I don’t know what John Kelly is doing this weekend as he prepares to assume this new gig, but I would hope he’d be on the phone with some preceding chiefs of staff and asking them for pointers on how he ought to proceed in this atmosphere of chaos and confusion.

The source of that chaos? He sits on the Oval Office.

Kelly vs. Mooch: All bets are off

John Kelly is about to take on the job of his nightmares.

He is the next White House chief of staff, replacing Reince Priebus, who was booted out of his job this week by the president of the United States, one Donald John Trump.

The president, moreover, has hired a communications director who is exhibiting the conduct of a madman. Anthony “Mooch” Scaramucci went on a profanity-laced tirade and predicted correctly that Priebus would be gone by the end of the week.

Now into this maelstrom comes Kelly, a retired Marine Corps general. He is a no-nonsense general-grade officer. He has served his country heroically and with supreme honor. He moves into the White House from the Department of Homeland Security, where he served as secretary.

It’s the Kelly vs. Mooch situation that ought to cause concern throughout the massive federal government.

Mooch reports to the Donald Trump. Tradition — something for which the president has zero regard — has made the communications director answer to the chief of staff.

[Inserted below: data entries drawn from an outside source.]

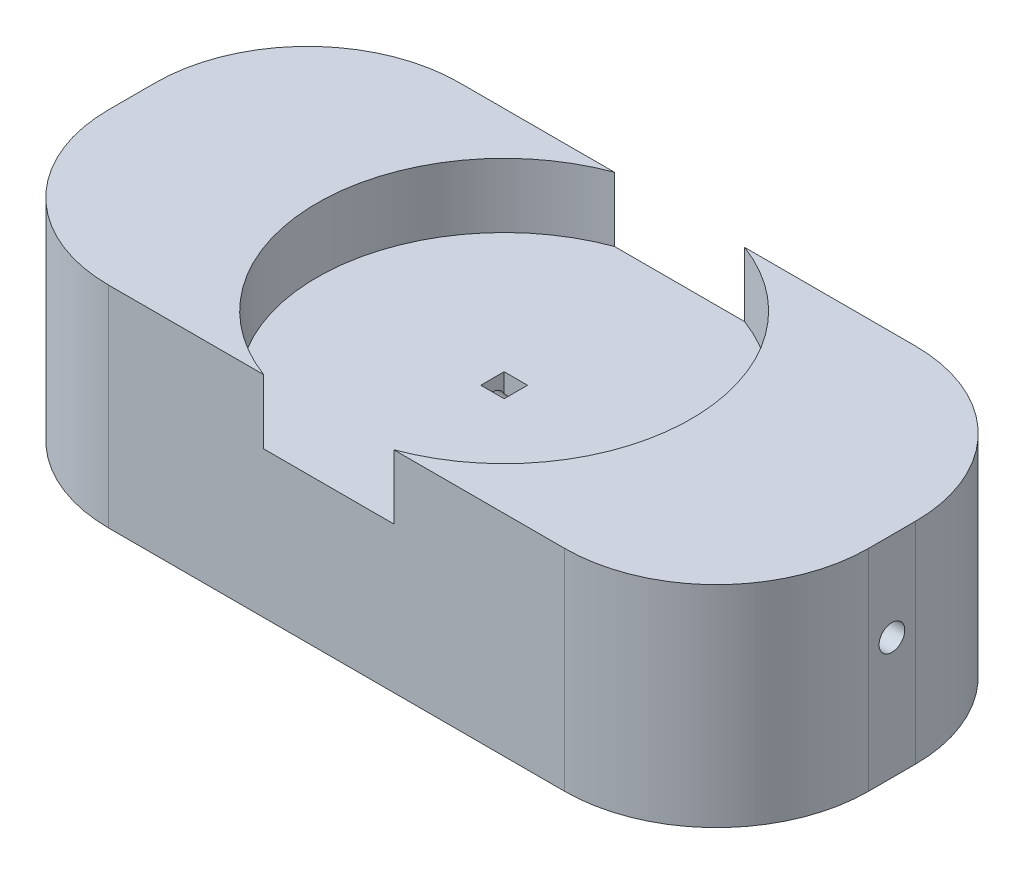
ISO-10303-21;
HEADER;
FILE_DESCRIPTION(('STEP AP214'),'2;1');
FILE_NAME('part.step','',(''),(''),'','','');
FILE_SCHEMA(('AUTOMOTIVE_DESIGN { 1 0 10303 214 1 1 1 1 }'));
ENDSEC;
DATA;
#1=APPLICATION_CONTEXT('core data for automotive mechanical design processes');
#2=APPLICATION_PROTOCOL_DEFINITION('international standard','automotive_design',2000,#1);
#3=PRODUCT_CONTEXT('',#1,'mechanical');
#4=PRODUCT('Part','Part','',(#3));
#5=PRODUCT_RELATED_PRODUCT_CATEGORY('part','',(#4));
#6=PRODUCT_DEFINITION_FORMATION('','',#4);
#7=PRODUCT_DEFINITION_CONTEXT('part definition',#1,'design');
#8=PRODUCT_DEFINITION('design','',#6,#7);
#9=PRODUCT_DEFINITION_SHAPE('','',#8);
#10=(LENGTH_UNIT() NAMED_UNIT(*) SI_UNIT(.MILLI.,.METRE.));
#11=(NAMED_UNIT(*) PLANE_ANGLE_UNIT() SI_UNIT($,.RADIAN.));
#12=(NAMED_UNIT(*) SI_UNIT($,.STERADIAN.) SOLID_ANGLE_UNIT());
#13=UNCERTAINTY_MEASURE_WITH_UNIT(LENGTH_MEASURE(1.E-05),#10,'distance_accuracy_value','');
#14=(GEOMETRIC_REPRESENTATION_CONTEXT(3) GLOBAL_UNCERTAINTY_ASSIGNED_CONTEXT((#13)) GLOBAL_UNIT_ASSIGNED_CONTEXT((#10,
#11,#12)) REPRESENTATION_CONTEXT('',''));
#15=CARTESIAN_POINT('',(0.,0.,0.));
#16=DIRECTION('',(0.,0.,1.));
#17=DIRECTION('',(1.,0.,0.));
#18=AXIS2_PLACEMENT_3D('',#15,#16,#17);
#19=CARTESIAN_POINT('',(0.,58.,0.));
#20=DIRECTION('',(0.,-1.,0.));
#21=DIRECTION('',(0.,0.,-1.));
#22=AXIS2_PLACEMENT_3D('',#19,#20,#21);
#23=PLANE('',#22);
#24=DIRECTION('',(-1.,0.,0.));
#25=VECTOR('',#24,1.);
#26=CARTESIAN_POINT('',(-25.,58.,-15.));
#27=LINE('',#26,#25);
#28=CARTESIAN_POINT('',(27.,58.,-15.));
#29=VERTEX_POINT('',#28);
#30=CARTESIAN_POINT('',(12.3962726493241,58.,-15.));
#31=VERTEX_POINT('',#30);
#32=EDGE_CURVE('E307',#29,#31,#27,.T.);
#33=ORIENTED_EDGE('',*,*,#32,.T.);
#34=CARTESIAN_POINT('',(6.82850828649366,58.,-1.6826817716975E-13));
#35=DIRECTION('',(0.,1.,0.));
#36=DIRECTION('',(0.,0.,1.));
#37=AXIS2_PLACEMENT_3D('',#34,#35,#36);
#38=CIRCLE('',#37,16.);
#39=CARTESIAN_POINT('',(12.3962726493232,58.,15.));
#40=VERTEX_POINT('',#39);
#41=EDGE_CURVE('E248',#40,#31,#38,.T.);
#42=ORIENTED_EDGE('',*,*,#41,.F.);
#43=DIRECTION('',(1.,0.,0.));
#44=VECTOR('',#43,1.);
#45=CARTESIAN_POINT('',(-25.,58.,15.));
#46=LINE('',#45,#44);
#47=CARTESIAN_POINT('',(27.,58.,15.));
#48=VERTEX_POINT('',#47);
#49=EDGE_CURVE('E315',#40,#48,#46,.T.);
#50=ORIENTED_EDGE('',*,*,#49,.T.);
#51=CARTESIAN_POINT('',(27.,58.,2.00000000000001));
#52=DIRECTION('',(0.,-1.,0.));
#53=DIRECTION('',(0.,0.,-1.));
#54=AXIS2_PLACEMENT_3D('',#51,#52,#53);
#55=CIRCLE('',#54,13.);
#56=CARTESIAN_POINT('',(40.,58.,2.00000000000001));
#57=VERTEX_POINT('',#56);
#58=EDGE_CURVE('E338',#48,#57,#55,.F.);
#59=ORIENTED_EDGE('',*,*,#58,.T.);
#60=DIRECTION('',(0.,0.,-1.));
#61=VECTOR('',#60,1.);
#62=CARTESIAN_POINT('',(40.,58.,15.));
#63=LINE('',#62,#61);
#64=CARTESIAN_POINT('',(40.,58.,-2.));
#65=VERTEX_POINT('',#64);
#66=EDGE_CURVE('E302',#57,#65,#63,.T.);
#67=ORIENTED_EDGE('',*,*,#66,.T.);
#68=CARTESIAN_POINT('',(27.,58.,-2.));
#69=DIRECTION('',(0.,-1.,0.));
#70=DIRECTION('',(0.,0.,-1.));
#71=AXIS2_PLACEMENT_3D('',#68,#69,#70);
#72=CIRCLE('',#71,13.);
#73=EDGE_CURVE('E344',#65,#29,#72,.F.);
#74=ORIENTED_EDGE('',*,*,#73,.T.);
#75=EDGE_LOOP('',(#33,#42,#50,#59,#67,#74));
#76=FACE_BOUND('',#75,.T.);
#77=ADVANCED_FACE('F47',(#76),#23,.F.);
#78=CARTESIAN_POINT('',(40.,58.,15.));
#79=DIRECTION('',(-1.,0.,0.));
#80=DIRECTION('',(0.,0.,1.));
#81=AXIS2_PLACEMENT_3D('',#78,#79,#80);
#82=PLANE('',#81);
#83=CARTESIAN_POINT('',(40.,50.4,0.));
#84=DIRECTION('',(-1.,0.,0.));
#85=DIRECTION('',(0.,0.,1.));
#86=AXIS2_PLACEMENT_3D('',#83,#84,#85);
#87=CIRCLE('',#86,1.1);
#88=CARTESIAN_POINT('',(40.,50.4,1.1));
#89=VERTEX_POINT('',#88);
#90=EDGE_CURVE('E244',#89,#89,#87,.T.);
#91=ORIENTED_EDGE('',*,*,#90,.T.);
#92=EDGE_LOOP('',(#91));
#93=FACE_BOUND('',#92,.T.);
#94=DIRECTION('',(0.,0.,1.));
#95=VECTOR('',#94,1.);
#96=CARTESIAN_POINT('',(40.,40.,15.));
#97=LINE('',#96,#95);
#98=CARTESIAN_POINT('',(40.,40.,-2.));
#99=VERTEX_POINT('',#98);
#100=CARTESIAN_POINT('',(40.,40.,2.00000000000001));
#101=VERTEX_POINT('',#100);
#102=EDGE_CURVE('E295',#99,#101,#97,.T.);
#103=ORIENTED_EDGE('',*,*,#102,.F.);
#104=DIRECTION('',(0.,-1.,0.));
#105=VECTOR('',#104,1.);
#106=CARTESIAN_POINT('',(40.,58.,-2.));
#107=LINE('',#106,#105);
#108=EDGE_CURVE('E332',#99,#65,#107,.F.);
#109=ORIENTED_EDGE('',*,*,#108,.T.);
#110=ORIENTED_EDGE('',*,*,#66,.F.);
#111=DIRECTION('',(0.,-1.,0.));
#112=VECTOR('',#111,1.);
#113=CARTESIAN_POINT('',(40.,58.,2.00000000000001));
#114=LINE('',#113,#112);
#115=EDGE_CURVE('E328',#57,#101,#114,.T.);
#116=ORIENTED_EDGE('',*,*,#115,.T.);
#117=EDGE_LOOP('',(#103,#109,#110,#116));
#118=FACE_BOUND('',#117,.T.);
#119=ADVANCED_FACE('F414',(#93,#118),#82,.F.);
#120=CARTESIAN_POINT('',(-25.,58.,-15.));
#121=DIRECTION('',(0.,0.,1.));
#122=DIRECTION('',(1.,0.,0.));
#123=AXIS2_PLACEMENT_3D('',#120,#121,#122);
#124=PLANE('',#123);
#125=DIRECTION('',(-1.,0.,0.));
#126=VECTOR('',#125,1.);
#127=CARTESIAN_POINT('',(-25.,52.5,-15.));
#128=LINE('',#127,#126);
#129=CARTESIAN_POINT('',(12.3962726493241,52.5,-15.));
#130=VERTEX_POINT('',#129);
#131=CARTESIAN_POINT('',(1.26074392366317,52.5,-15.));
#132=VERTEX_POINT('',#131);
#133=EDGE_CURVE('E275',#130,#132,#128,.T.);
#134=ORIENTED_EDGE('',*,*,#133,.F.);
#135=DIRECTION('',(0.,1.,0.));
#136=VECTOR('',#135,1.);
#137=CARTESIAN_POINT('',(12.3962726493241,52.5,-15.));
#138=LINE('',#137,#136);
#139=EDGE_CURVE('E271',#130,#31,#138,.T.);
#140=ORIENTED_EDGE('',*,*,#139,.T.);
#141=ORIENTED_EDGE('',*,*,#32,.F.);
#142=DIRECTION('',(0.,-1.,0.));
#143=VECTOR('',#142,1.);
#144=CARTESIAN_POINT('',(27.,58.,-15.));
#145=LINE('',#144,#143);
#146=CARTESIAN_POINT('',(27.,40.,-15.));
#147=VERTEX_POINT('',#146);
#148=EDGE_CURVE('E324',#29,#147,#145,.T.);
#149=ORIENTED_EDGE('',*,*,#148,.T.);
#150=DIRECTION('',(1.,0.,0.));
#151=VECTOR('',#150,1.);
#152=CARTESIAN_POINT('',(-25.,40.,-15.));
#153=LINE('',#152,#151);
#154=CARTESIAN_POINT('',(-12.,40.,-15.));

Here’s my question: How long will it take Gen. Kelly to slap some sense into Mooch and tell this loudmouth that the chief of staff controls the message?

It’s being said in recent hours and days that no previous president would have put up with the hideous tirade that Mooch launched against Priebus. Mooch called Priebus a “schizophrenic,” adding a colorful f-bomb adjective in front of that term.

Can you imagine someone referring to, say, previous WH chiefs Leon Panetta or James Baker III with that kind of language?

With all of that said, Gen. John Kelly is walking into a White House that is in an utter state of confusion and chaos. It’s a direct reflection of the man who refused to let the previous White House chief of staff do his job.

Moreover, it all reflects directly on the incompetence demonstrated daily by Donald John Trump Sr.

Good luck to you, Gen. Kelly. You will need every bit of it.